I asked Brian whether Roy Fielding's 2000 doctoral thesis that originally laid out what REST was all about was readable, for a PhD thesis, and he assured me that it was. He was right. Anyone with a basic understanding of software architecture issues can and should read Fielding's thesis... Keep in mind that this was published ten years ago, about a century in Internet time. It's more relevant than ever, and I recommend that you put it high on your reading list.

Excerpt: "REST components perform actions on a resource by using a representation to capture the current or intended state of that resource and transferring that representation between components. A representation is a sequence of bytes, plus representation metadata to describe those bytes. Other commonly used but less precise names for a representation include: document, file, and HTTP message entity, instance, or variant... REST is defined by four interface constraints: identification of resources; manipulation of resources through representations; self-descriptive messages; and, hypermedia as the engine of application state...

[I now better appreciate the important role of content negotiation in REST:] This abstract definition of a resource... provides generality by encompassing many sources of information without artificially distinguishing them by type or implementation [and] allows late binding of the reference to a representation, enabling content negotiation to take place based on characteristics of the request. Finally, it allows an author to reference the concept rather than some singular representation of that concept, thus removing the need to change all existing links whenever the representation changes, assuming the author used the right identifier..."
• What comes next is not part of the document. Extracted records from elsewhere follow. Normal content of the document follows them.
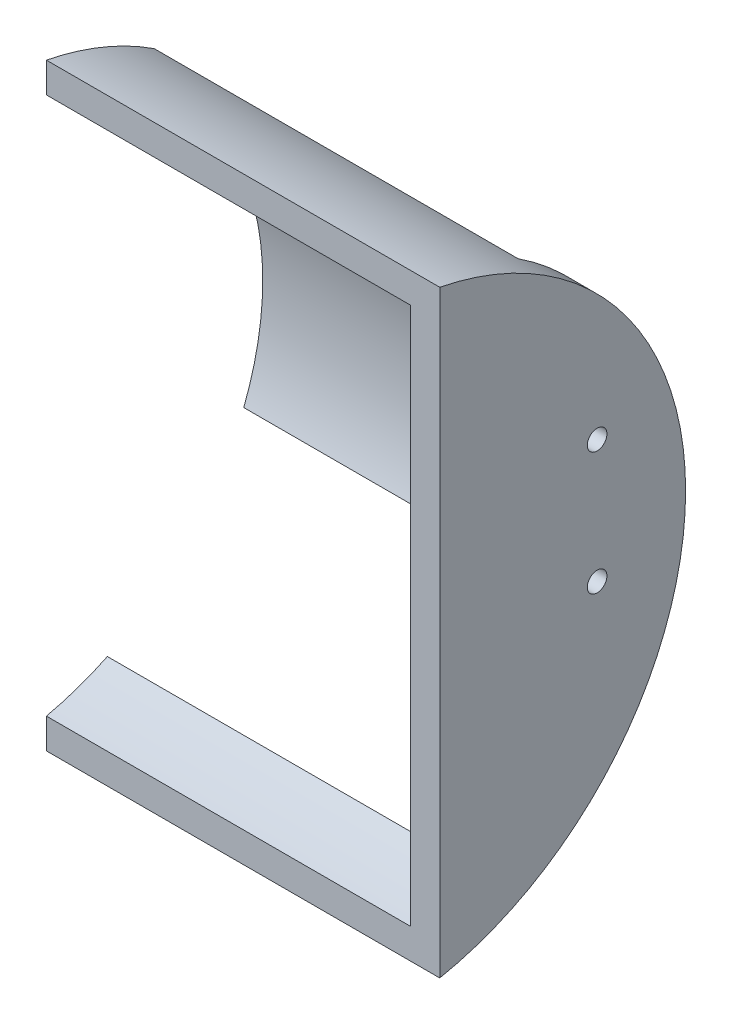
ISO-10303-21;
HEADER;
FILE_DESCRIPTION(('STEP AP214'),'2;1');
FILE_NAME('part.step','',(''),(''),'','','');
FILE_SCHEMA(('AUTOMOTIVE_DESIGN { 1 0 10303 214 1 1 1 1 }'));
ENDSEC;
DATA;
#1=APPLICATION_CONTEXT('core data for automotive mechanical design processes');
#2=APPLICATION_PROTOCOL_DEFINITION('international standard','automotive_design',2000,#1);
#3=PRODUCT_CONTEXT('',#1,'mechanical');
#4=PRODUCT('Part','Part','',(#3));
#5=PRODUCT_RELATED_PRODUCT_CATEGORY('part','',(#4));
#6=PRODUCT_DEFINITION_FORMATION('','',#4);
#7=PRODUCT_DEFINITION_CONTEXT('part definition',#1,'design');
#8=PRODUCT_DEFINITION('design','',#6,#7);
#9=PRODUCT_DEFINITION_SHAPE('','',#8);
#10=(LENGTH_UNIT() NAMED_UNIT(*) SI_UNIT(.MILLI.,.METRE.));
#11=(NAMED_UNIT(*) PLANE_ANGLE_UNIT() SI_UNIT($,.RADIAN.));
#12=(NAMED_UNIT(*) SI_UNIT($,.STERADIAN.) SOLID_ANGLE_UNIT());
#13=UNCERTAINTY_MEASURE_WITH_UNIT(LENGTH_MEASURE(1.E-05),#10,'distance_accuracy_value','');
#14=(GEOMETRIC_REPRESENTATION_CONTEXT(3) GLOBAL_UNCERTAINTY_ASSIGNED_CONTEXT((#13)) GLOBAL_UNIT_ASSIGNED_CONTEXT((#10,
#11,#12)) REPRESENTATION_CONTEXT('',''));
#15=CARTESIAN_POINT('',(0.,0.,0.));
#16=DIRECTION('',(0.,0.,1.));
#17=DIRECTION('',(1.,0.,0.));
#18=AXIS2_PLACEMENT_3D('',#15,#16,#17);
#19=CARTESIAN_POINT('',(-3.,0.,0.));
#20=DIRECTION('',(-1.,0.,0.));
#21=DIRECTION('',(0.,0.,1.));
#22=AXIS2_PLACEMENT_3D('',#19,#20,#21);
#23=PLANE('',#22);
#24=CARTESIAN_POINT('',(-3.,10.,-10.5));
#25=DIRECTION('',(-1.,0.,0.));
#26=DIRECTION('',(0.,0.,1.));
#27=AXIS2_PLACEMENT_3D('',#24,#25,#26);
#28=CIRCLE('',#27,1.);
#29=CARTESIAN_POINT('',(-3.,10.,-9.5));
#30=VERTEX_POINT('',#29);
#31=EDGE_CURVE('E139',#30,#30,#28,.F.);
#32=ORIENTED_EDGE('',*,*,#31,.T.);
#33=EDGE_LOOP('',(#32));
#34=FACE_BOUND('',#33,.T.);
#35=CARTESIAN_POINT('',(-3.,-2.5,-10.5));
#36=DIRECTION('',(-1.,0.,0.));
#37=DIRECTION('',(0.,0.,1.));
#38=AXIS2_PLACEMENT_3D('',#35,#36,#37);
#39=CIRCLE('',#38,1.);
#40=CARTESIAN_POINT('',(-3.,-2.5,-9.5));
#41=VERTEX_POINT('',#40);
#42=EDGE_CURVE('E226',#41,#41,#39,.F.);
#43=ORIENTED_EDGE('',*,*,#42,.T.);
#44=EDGE_LOOP('',(#43));
#45=FACE_BOUND('',#44,.T.);
#46=DIRECTION('',(0.,-0.766044443118977,0.642787609686541));
#47=VECTOR('',#46,1.);
#48=CARTESIAN_POINT('',(-3.,8.44107654315466,10.0596832956672));
#49=LINE('',#48,#47);
#50=CARTESIAN_POINT('',(-3.,26.944745071491,-5.46673814188647));
#51=VERTEX_POINT('',#50);
#52=CARTESIAN_POINT('',(-3.,24.628474028026,-3.52315596360837));
#53=VERTEX_POINT('',#52);
#54=EDGE_CURVE('E217',#51,#53,#49,.T.);
#55=ORIENTED_EDGE('',*,*,#54,.F.);
#56=CARTESIAN_POINT('',(-3.,1.,11.5));
#57=DIRECTION('',(-1.,0.,0.));
#58=DIRECTION('',(0.,0.,1.));
#59=AXIS2_PLACEMENT_3D('',#56,#57,#58);
#60=CIRCLE('',#59,31.);
#61=CARTESIAN_POINT('',(-3.,12.2428305284079,-17.3894230075559));
#62=VERTEX_POINT('',#61);
#63=EDGE_CURVE('E222',#51,#62,#60,.T.);
#64=ORIENTED_EDGE('',*,*,#63,.T.);
#65=DIRECTION('',(0.,-0.342020143325666,0.93969262078591));
#66=VECTOR('',#65,1.);
#67=CARTESIAN_POINT('',(-3.,5.22183858694362,1.90059381379014));
#68=LINE('',#67,#66);
#69=CARTESIAN_POINT('',(-3.,11.2164934279559,-14.5695849993155));
#70=VERTEX_POINT('',#69);
#71=EDGE_CURVE('E214',#62,#70,#68,.T.);
#72=ORIENTED_EDGE('',*,*,#71,.T.);
#73=CARTESIAN_POINT('',(-3.,1.,11.5));
#74=DIRECTION('',(-1.,0.,0.));
#75=DIRECTION('',(0.,0.,1.));
#76=AXIS2_PLACEMENT_3D('',#73,#74,#75);
#77=CIRCLE('',#76,28.);
#78=CARTESIAN_POINT('',(-3.,-9.21649342795605,-14.5695849993154));
#79=VERTEX_POINT('',#78);
#80=EDGE_CURVE('E63',#79,#70,#77,.F.);
#81=ORIENTED_EDGE('',*,*,#80,.F.);
#82=DIRECTION('',(0.,0.342020143325675,0.939692620785906));
#83=VECTOR('',#82,1.);
#84=CARTESIAN_POINT('',(-3.,-3.45579414382467,1.25780620410366));
#85=LINE('',#84,#83);
#86=CARTESIAN_POINT('',(-3.,-10.2428305284081,-17.3894230075558));
#87=VERTEX_POINT('',#86);
#88=EDGE_CURVE('E212',#87,#79,#85,.T.);
#89=ORIENTED_EDGE('',*,*,#88,.F.);
#90=CARTESIAN_POINT('',(-3.,-26.5654322169714,-2.68262834214992));
#91=VERTEX_POINT('',#90);
#92=EDGE_CURVE('E220',#87,#91,#60,.T.);
#93=ORIENTED_EDGE('',*,*,#92,.T.);
#94=DIRECTION('',(0.,0.766044443118982,0.642787609686535));
#95=VECTOR('',#94,1.);
#96=CARTESIAN_POINT('',(-3.,-9.65526006688007,11.5066908721359));
#97=LINE('',#96,#95);
#98=CARTESIAN_POINT('',(-3.,-24.2024521669593,-0.69985265370554));
#99=VERTEX_POINT('',#98);
#100=EDGE_CURVE('E209',#91,#99,#97,.T.);
#101=ORIENTED_EDGE('',*,*,#100,.T.);
#102=CARTESIAN_POINT('',(-3.,1.,11.5));
#103=DIRECTION('',(-1.,0.,0.));
#104=DIRECTION('',(0.,0.,1.));
#105=AXIS2_PLACEMENT_3D('',#102,#103,#104);
#106=CIRCLE('',#105,28.);
#107=CARTESIAN_POINT('',(-3.,-26.3495886623547,5.5));
#108=VERTEX_POINT('',#107);
#109=EDGE_CURVE('E167',#108,#99,#106,.F.);
#110=ORIENTED_EDGE('',*,*,#109,.F.);
#111=DIRECTION('',(0.,1.,0.));
#112=VECTOR('',#111,1.);
#113=CARTESIAN_POINT('',(-3.,0.,5.5));
#114=LINE('',#113,#112);
#115=CARTESIAN_POINT('',(-3.,28.3495886623547,5.49999999999999));
#116=VERTEX_POINT('',#115);
#117=EDGE_CURVE('E224',#108,#116,#114,.T.);
#118=ORIENTED_EDGE('',*,*,#117,.T.);
#119=CARTESIAN_POINT('',(-3.,1.,11.5));
#120=DIRECTION('',(-1.,0.,0.));
#121=DIRECTION('',(0.,0.,1.));
#122=AXIS2_PLACEMENT_3D('',#119,#120,#121);
#123=CIRCLE('',#122,28.);
#124=EDGE_CURVE('E56',#53,#116,#123,.F.);
#125=ORIENTED_EDGE('',*,*,#124,.F.);
#126=EDGE_LOOP('',(#55,#64,#72,#81,#89,#93,#101,#110,#118,#125));
#127=FACE_BOUND('',#126,.T.);
#128=ADVANCED_FACE('F41',(#34,#45,#127),#23,.T.);
#129=CARTESIAN_POINT('',(-3.,1.,11.5));
#130=DIRECTION('',(1.,0.,0.));
#131=DIRECTION('',(0.,0.,-1.));
#132=AXIS2_PLACEMENT_3D('',#129,#130,#131);
#133=CYLINDRICAL_SURFACE('',#132,31.);
#134=DIRECTION('',(1.,0.,0.));
#135=VECTOR('',#134,1.);
#136=CARTESIAN_POINT('',(-3.,-29.4138126514911,5.5));
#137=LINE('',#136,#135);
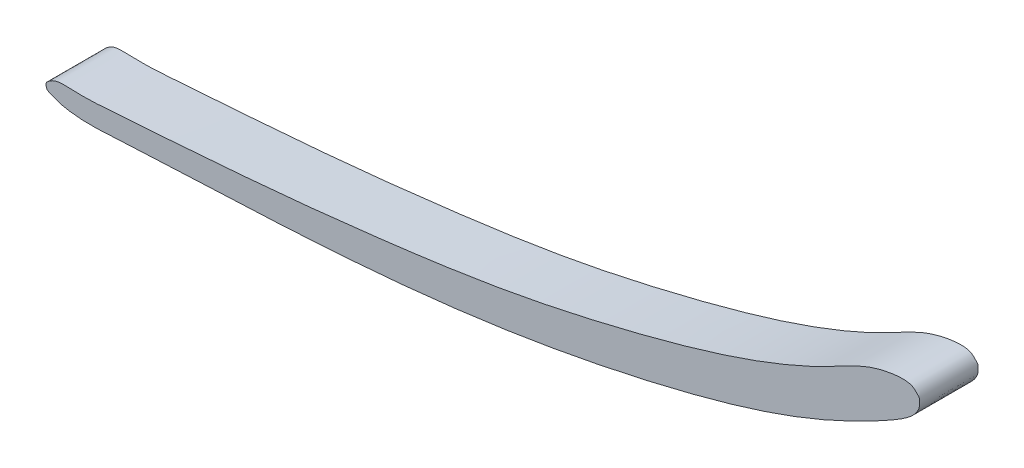
ISO-10303-21;
HEADER;
FILE_DESCRIPTION(('STEP AP214'),'2;1');
FILE_NAME('part.step','',(''),(''),'','','');
FILE_SCHEMA(('AUTOMOTIVE_DESIGN { 1 0 10303 214 1 1 1 1 }'));
ENDSEC;
DATA;
#1=APPLICATION_CONTEXT('core data for automotive mechanical design processes');
#2=APPLICATION_PROTOCOL_DEFINITION('international standard','automotive_design',2000,#1);
#3=PRODUCT_CONTEXT('',#1,'mechanical');
#4=PRODUCT('Part','Part','',(#3));
#5=PRODUCT_RELATED_PRODUCT_CATEGORY('part','',(#4));
#6=PRODUCT_DEFINITION_FORMATION('','',#4);
#7=PRODUCT_DEFINITION_CONTEXT('part definition',#1,'design');
#8=PRODUCT_DEFINITION('design','',#6,#7);
#9=PRODUCT_DEFINITION_SHAPE('','',#8);
#10=(LENGTH_UNIT() NAMED_UNIT(*) SI_UNIT(.MILLI.,.METRE.));
#11=(NAMED_UNIT(*) PLANE_ANGLE_UNIT() SI_UNIT($,.RADIAN.));
#12=(NAMED_UNIT(*) SI_UNIT($,.STERADIAN.) SOLID_ANGLE_UNIT());
#13=UNCERTAINTY_MEASURE_WITH_UNIT(LENGTH_MEASURE(1.E-05),#10,'distance_accuracy_value','');
#14=(GEOMETRIC_REPRESENTATION_CONTEXT(3) GLOBAL_UNCERTAINTY_ASSIGNED_CONTEXT((#13)) GLOBAL_UNIT_ASSIGNED_CONTEXT((#10,
#11,#12)) REPRESENTATION_CONTEXT('',''));
#15=CARTESIAN_POINT('',(0.,0.,0.));
#16=DIRECTION('',(0.,0.,1.));
#17=DIRECTION('',(1.,0.,0.));
#18=AXIS2_PLACEMENT_3D('',#15,#16,#17);
#19=CARTESIAN_POINT('',(65.9642108169921,0.,388.));
#20=CARTESIAN_POINT('',(65.9392604277968,0.0787500690966614,388.));
#21=CARTESIAN_POINT('',(65.8874789664315,0.142846440213562,388.));
#22=CARTESIAN_POINT('',(65.7787320444733,0.264169227618044,388.));
#23=CARTESIAN_POINT('',(65.7207722300646,0.321384266652125,388.));
#24=CARTESIAN_POINT('',(65.5503656062692,0.496366636395962,388.));
#25=CARTESIAN_POINT('',(65.4377078271482,0.615289117925799,388.));
#26=CARTESIAN_POINT('',(65.2517296303627,0.771103452941152,388.));
#27=CARTESIAN_POINT('',(65.1874278544465,0.819707672533615,388.));
#28=CARTESIAN_POINT('',(65.0503069560082,0.904618416811304,388.));
#29=CARTESIAN_POINT('',(64.9772650788789,0.941289962653219,388.));
#30=CARTESIAN_POINT('',(64.7497811757064,1.03476083895088,388.));
#31=CARTESIAN_POINT('',(64.5926836151299,1.07331051921819,388.));
#32=CARTESIAN_POINT('',(64.2731707278348,1.1271865497105,388.));
#33=CARTESIAN_POINT('',(64.1100919216247,1.14193842680402,388.));
#34=CARTESIAN_POINT('',(63.7865768692738,1.15870800268766,388.));
#35=CARTESIAN_POINT('',(63.6252966356052,1.16061833902611,388.));
#36=CARTESIAN_POINT('',(63.1427335001329,1.14901922847191,388.));
#37=CARTESIAN_POINT('',(62.82264224002,1.11934521510709,388.));
#38=CARTESIAN_POINT('',(61.8646438577998,0.999457500857559,388.));
#39=CARTESIAN_POINT('',(61.2275957134184,0.873139458770184,388.));
#40=CARTESIAN_POINT('',(59.9868023955705,0.553958505213503,388.));
#41=CARTESIAN_POINT('',(59.3799039791273,0.358589748207488,388.));
#42=CARTESIAN_POINT('',(57.5974899847509,-0.328984359762002,388.));
#43=CARTESIAN_POINT('',(56.457602278,-0.916521848918717,388.));
#44=CARTESIAN_POINT('',(54.7565709667037,-1.81802494333191,388.));
#45=CARTESIAN_POINT('',(54.1905511029622,-2.12074540468735,388.));
#46=CARTESIAN_POINT('',(53.0525663749559,-2.71286625198194,388.));
#47=CARTESIAN_POINT('',(52.481226933694,-3.00366792990275,388.));
#48=CARTESIAN_POINT('',(50.7544214755258,-3.8474227400587,388.));
#49=CARTESIAN_POINT('',(49.5860213532244,-4.37139635267325,388.));
#50=CARTESIAN_POINT('',(47.2258537122776,-5.36698774035979,388.));
#51=CARTESIAN_POINT('',(46.034288975709,-5.83905985896721,388.));
#52=CARTESIAN_POINT('',(43.634443150405,-6.74575026069812,388.));
#53=CARTESIAN_POINT('',(42.4253581999058,-7.17975742257679,388.));
#54=CARTESIAN_POINT('',(39.99473578518,-8.0060430000595,388.));
#55=CARTESIAN_POINT('',(38.7728594737219,-8.39915359601567,388.));
#56=CARTESIAN_POINT('',(35.0918972791923,-9.53169879542995,388.));
#57=CARTESIAN_POINT('',(32.6200875942023,-10.2266081639388,388.));
#58=CARTESIAN_POINT('',(27.6590940123018,-11.5446994014282,388.));
#59=CARTESIAN_POINT('',(25.1681659412895,-12.1651334390557,388.));
#60=CARTESIAN_POINT('',(20.1696456645858,-13.3403093937647,388.));
#61=CARTESIAN_POINT('',(17.6638962520581,-13.8968119730028,388.));
#62=CARTESIAN_POINT('',(12.6351066276134,-14.9269894733759,388.));
#63=CARTESIAN_POINT('',(10.1106438461161,-15.3978194880559,388.));
#64=CARTESIAN_POINT('',(5.04705965641873,-16.2485879920392,388.));
#65=CARTESIAN_POINT('',(2.50859634852263,-16.6291947143201,388.));
#66=CARTESIAN_POINT('',(-2.57688899399253,-17.3329615389946,388.));
#67=CARTESIAN_POINT('',(-5.12368892729978,-17.6588430807766,388.));
#68=CARTESIAN_POINT('',(-12.7690520579369,-18.5881322254008,388.));
#69=CARTESIAN_POINT('',(-17.8749794132735,-19.1358117771888,388.));
#70=CARTESIAN_POINT('',(-28.1023034658038,-20.0562887004946,388.));
#71=CARTESIAN_POINT('',(-33.2228827851277,-20.4376817382285,388.));
#72=CARTESIAN_POINT('',(-39.6237509954103,-20.9093219874368,388.));
#73=CARTESIAN_POINT('',(-40.9039962840792,-21.002676829007,388.));
#74=CARTESIAN_POINT('',(-42.824766919896,-21.1370946502369,388.));
#75=CARTESIAN_POINT('',(-43.4651186699146,-21.180506652422,388.));
#76=CARTESIAN_POINT('',(-44.7458493129552,-21.2669067002644,388.));
#77=CARTESIAN_POINT('',(-45.3862325038984,-21.3110553944028,388.));
#78=CARTESIAN_POINT('',(-46.6675302142903,-21.3859859680086,388.));
#79=CARTESIAN_POINT('',(-47.3082343394681,-21.4163645469563,388.));
#80=CARTESIAN_POINT('',(-48.2695280474722,-21.4314776101353,388.));
#81=CARTESIAN_POINT('',(-48.5899931851929,-21.4321684250537,388.));
#82=CARTESIAN_POINT('',(-49.2310083883098,-21.422660642521,388.));
#83=CARTESIAN_POINT('',(-49.5515695342703,-21.4110412969346,388.));
#84=CARTESIAN_POINT('',(-50.1927239762963,-21.3836803246825,388.));
#85=CARTESIAN_POINT('',(-50.5135086932717,-21.370385869251,388.));
#86=CARTESIAN_POINT('',(-51.1539205751515,-21.3728740146693,388.));
#87=CARTESIAN_POINT('',(-51.4731612822713,-21.3851335782777,388.));
#88=CARTESIAN_POINT('',(-51.9467576939098,-21.4636044214519,388.));
#89=CARTESIAN_POINT('',(-52.105175905584,-21.5009809380998,388.));
#90=CARTESIAN_POINT('',(-52.4054652955935,-21.6056828948007,388.));
#91=CARTESIAN_POINT('',(-52.5475806572714,-21.6745987471624,388.));
#92=CARTESIAN_POINT('',(-52.819883737945,-21.83703771257,388.));
#93=CARTESIAN_POINT('',(-52.9512682536261,-21.9293075929916,388.));
#94=CARTESIAN_POINT('',(-53.1420580882683,-22.0750081789947,388.));
#95=CARTESIAN_POINT('',(-53.2071720058634,-22.121802219078,388.));
#96=CARTESIAN_POINT('',(-53.2948585143602,-22.2036590247301,388.));
#97=CARTESIAN_POINT('',(-53.3220673665442,-22.2334103186364,388.));
#98=CARTESIAN_POINT('',(-53.3674465063147,-22.3030474090628,388.));
#99=CARTESIAN_POINT('',(-53.3844573084682,-22.3402893587864,388.));
#100=CARTESIAN_POINT('',(-53.4210639936985,-22.4581713600573,388.));
#101=CARTESIAN_POINT('',(-53.4219354782649,-22.542680595509,388.));
#102=CARTESIAN_POINT('',(-53.4032851978629,-22.7061575054446,388.));
#103=CARTESIAN_POINT('',(-53.3901634459533,-22.787192590055,388.));
#104=CARTESIAN_POINT('',(-53.3481176763658,-22.9463351895977,388.));
#105=CARTESIAN_POINT('',(-53.3174422641806,-23.0250371022844,388.));
#106=CARTESIAN_POINT('',(-53.2128913009128,-23.1539721411735,388.));
#107=CARTESIAN_POINT('',(-53.1392758572465,-23.1959191877526,388.));
#108=CARTESIAN_POINT('',(-52.9891963089232,-23.2619574052381,388.));
#109=CARTESIAN_POINT('',(-52.9114871441464,-23.2886399913511,388.));
#110=CARTESIAN_POINT('',(-52.7584537212832,-23.3476663864524,388.));
#111=CARTESIAN_POINT('',(-52.6824893940183,-23.3784715270879,388.));
#112=CARTESIAN_POINT('',(-52.4552152795412,-23.4729355145685,388.));
#113=CARTESIAN_POINT('',(-52.3050351147794,-23.539756873824,388.));
#114=CARTESIAN_POINT('',(-51.8501097024749,-23.7275991417051,388.));
#115=CARTESIAN_POINT('',(-51.5376922777435,-23.8265359973429,388.));
#116=CARTESIAN_POINT('',(-50.8992249330776,-23.9851691203188,388.));
#117=CARTESIAN_POINT('',(-50.5756264503499,-24.0472311719441,388.));
#118=CARTESIAN_POINT('',(-49.6073783965635,-24.2035447785117,388.));
#119=CARTESIAN_POINT('',(-48.9593340099133,-24.2620406718818,388.));
#120=CARTESIAN_POINT('',(-47.6596318360921,-24.3141461601518,388.));
#121=CARTESIAN_POINT('',(-47.0080994304757,-24.3100072477715,388.));
#122=CARTESIAN_POINT('',(-45.7037182013001,-24.2780903364879,388.));
#123=CARTESIAN_POINT('',(-45.0507095812287,-24.248663170275,388.));
#124=CARTESIAN_POINT('',(-43.7458312021009,-24.182566121625,388.));
#125=CARTESIAN_POINT('',(-43.0935952790582,-24.1455760691589,388.));
#126=CARTESIAN_POINT('',(-41.1369581776411,-24.0331975163158,388.));
#127=CARTESIAN_POINT('',(-39.8324949729532,-23.9590588798067,388.));
#128=CARTESIAN_POINT('',(-35.9180997533741,-23.757042369718,388.));
#129=CARTESIAN_POINT('',(-33.3072606674215,-23.6475851612079,388.));
#130=CARTESIAN_POINT('',(-28.0855986870327,-23.4282444992524,388.));
#131=CARTESIAN_POINT('',(-25.4748830123288,-23.316535036285,388.));
#132=CARTESIAN_POINT('',(-17.6458860622312,-22.9257036654572,388.));
#133=CARTESIAN_POINT('',(-12.4295110950171,-22.591215585468,388.));
#134=CARTESIAN_POINT('',(-2.01680300936645,-21.6669805567166,388.));
#135=CARTESIAN_POINT('',(3.1792578141617,-21.0819564507359,388.));
#136=CARTESIAN_POINT('',(13.5246956704272,-19.5881773945117,388.));
#137=CARTESIAN_POINT('',(18.6737714437003,-18.6760127034812,388.));
#138=CARTESIAN_POINT('',(26.3501491609859,-17.0792677310921,388.));
#139=CARTESIAN_POINT('',(28.9002388250499,-16.5104169154326,388.));
#140=CARTESIAN_POINT('',(33.9803763134568,-15.2884237762731,388.));
#141=CARTESIAN_POINT('',(36.5117533185728,-14.6364326828999,388.));
#142=CARTESIAN_POINT('',(41.5413423081267,-13.2132112328842,388.));
#143=CARTESIAN_POINT('',(44.0372903688327,-12.4416906526706,388.));
#144=CARTESIAN_POINT('',(48.9724920757394,-10.7184268489999,388.));
#145=CARTESIAN_POINT('',(51.4071911168036,-9.76394180389986,388.));
#146=CARTESIAN_POINT('',(56.1867315518084,-7.64243805906259,388.));
#147=CARTESIAN_POINT('',(58.5289057440696,-6.47676745576864,388.));
#148=CARTESIAN_POINT('',(61.4033144476391,-4.92102218939242,388.));
#149=CARTESIAN_POINT('',(61.9755573398296,-4.60484101236053,388.));
#150=CARTESIAN_POINT('',(62.822925427624,-4.1117018035465,388.));
#151=CARTESIAN_POINT('',(63.1034353929833,-3.94347540791767,388.));
#152=CARTESIAN_POINT('',(63.6559349386653,-3.59454338285464,388.));
#153=CARTESIAN_POINT('',(63.9282731320078,-3.41469241372927,388.));
#154=CARTESIAN_POINT('',(64.4554233597097,-3.03086272723407,388.));
#155=CARTESIAN_POINT('',(64.7106229543283,-2.82642774874983,388.));
#156=CARTESIAN_POINT('',(65.1877516413519,-2.37589238285399,388.));
#157=CARTESIAN_POINT('',(65.406209750067,-2.13062618732443,388.));
#158=CARTESIAN_POINT('',(65.6839775847032,-1.7246065887864,388.));
#159=CARTESIAN_POINT('',(65.7675452095348,-1.58442769692943,388.));
#160=CARTESIAN_POINT('',(65.9039115038873,-1.28756609085134,388.));
#161=CARTESIAN_POINT('',(65.9573363126952,-1.12825620227153,388.));
#162=CARTESIAN_POINT('',(66.0005625001609,-0.808906264520487,388.));
#163=CARTESIAN_POINT('',(65.9911672667361,-0.646725418918664,388.));
#164=CARTESIAN_POINT('',(65.9816128321958,-0.403820913610242,388.));
#165=CARTESIAN_POINT('',(65.9821578723777,-0.322953588910407,388.));
#166=CARTESIAN_POINT('',(65.984764845854,-0.160965703927929,388.));
#167=CARTESIAN_POINT('',(65.9891612061873,-0.0787500690966336,388.));
#168=CARTESIAN_POINT('',(65.9642108169921,0.,388.));
#169=B_SPLINE_CURVE_WITH_KNOTS('',3,(#19,#20,#21,#22,#23,#24,#25,#26,#27,#28,#29,#30,#31,#32,
#33,#34,#35,#36,#37,#38,#39,#40,#41,#42,#43,#44,#45,#46,#47,#48,#49,#50,#51,#52,#53,#54,#55,#56,
#57,#58,#59,#60,#61,#62,#63,#64,#65,#66,#67,#68,#69,#70,#71,#72,#73,#74,#75,#76,#77,#78,#79,#80,
#81,#82,#83,#84,#85,#86,#87,#88,#89,#90,#91,#92,#93,#94,#95,#96,#97,#98,#99,#100,#101,#102,#103,
#104,#105,#106,#107,#108,#109,#110,#111,#112,#113,#114,#115,#116,#117,#118,#119,#120,#121,#122,
#123,#124,#125,#126,#127,#128,#129,#130,#131,#132,#133,#134,#135,#136,#137,#138,#139,#140,#141,
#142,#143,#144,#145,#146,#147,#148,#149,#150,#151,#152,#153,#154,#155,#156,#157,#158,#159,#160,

See also: Roy Fielding's dissertation [TOC]

IETF SIXPAC: SIP Integration with XMPP in Presence Aware Clients
Peter Saint-Andre, IETF Draft Charter Proposal

A draft charter for an IETF Working Group 'SIXPAC (SIP Integration with XMPP in Presence Aware Clients)' has been published along with the launch of a new IETF new non-WG mailing list. According to the proposal, the SIXPAC WG will define a small number of SIP and XMPP extensions to solve several use cases in dual-stack endpoints

Overview: "Both the Session Initiation Protocol (SIP) and the Extensible Messaging and Presence Protocol (XMPP) are widely deployed technologies for real-time communication over the Internet. In order to offer a complete suite of features as well as communication across multiple networks, several user-oriented software applications support both SIP and XMPP, and more software developers have expressed interest in building such 'dual-stack' solutions. Unfortunately, it is difficult to provide a good end-user experience in such applications because SIP and XMPP are not 'aware' of each other.

Because both SIP and XMPP are easily extended through new SIP headers and XMPP elements, it should be possible to provide tighter integration within dual-stack SIP/XMPP user agents to improve the user experience. Any such extensions should meet the following criteria: be completely optional and backwards-compatible for all endpoints, and work without changes to deployed infrastructure such as existing SIP and XMPP servers, B2BUAs, firewalls, etc.

The proposed SIXPAC WG will define a small number of SIP and XMPP extensions for dual-stack endpoints: (1) Including SIP-based availability states in XMPP presence—limited to basic presence and availability states only, not the full range of PIDF extensions; (2) Correlating an XMPP IM session with a SIP voice/video session, and vice-versa; (3) Advertising a SIP account address over XMPP and an XMPP account address over SIP..."

W3C First Public Working Draft: HTML5 Web Messaging
Ian Hickson (ed), W3C Technical Report

Members of the W3C Web Applications Working Group have published the First Public Working Draft for HTML5 Web Messaging. This specification defines two mechanisms for communicating between browsing contexts in HTML documents.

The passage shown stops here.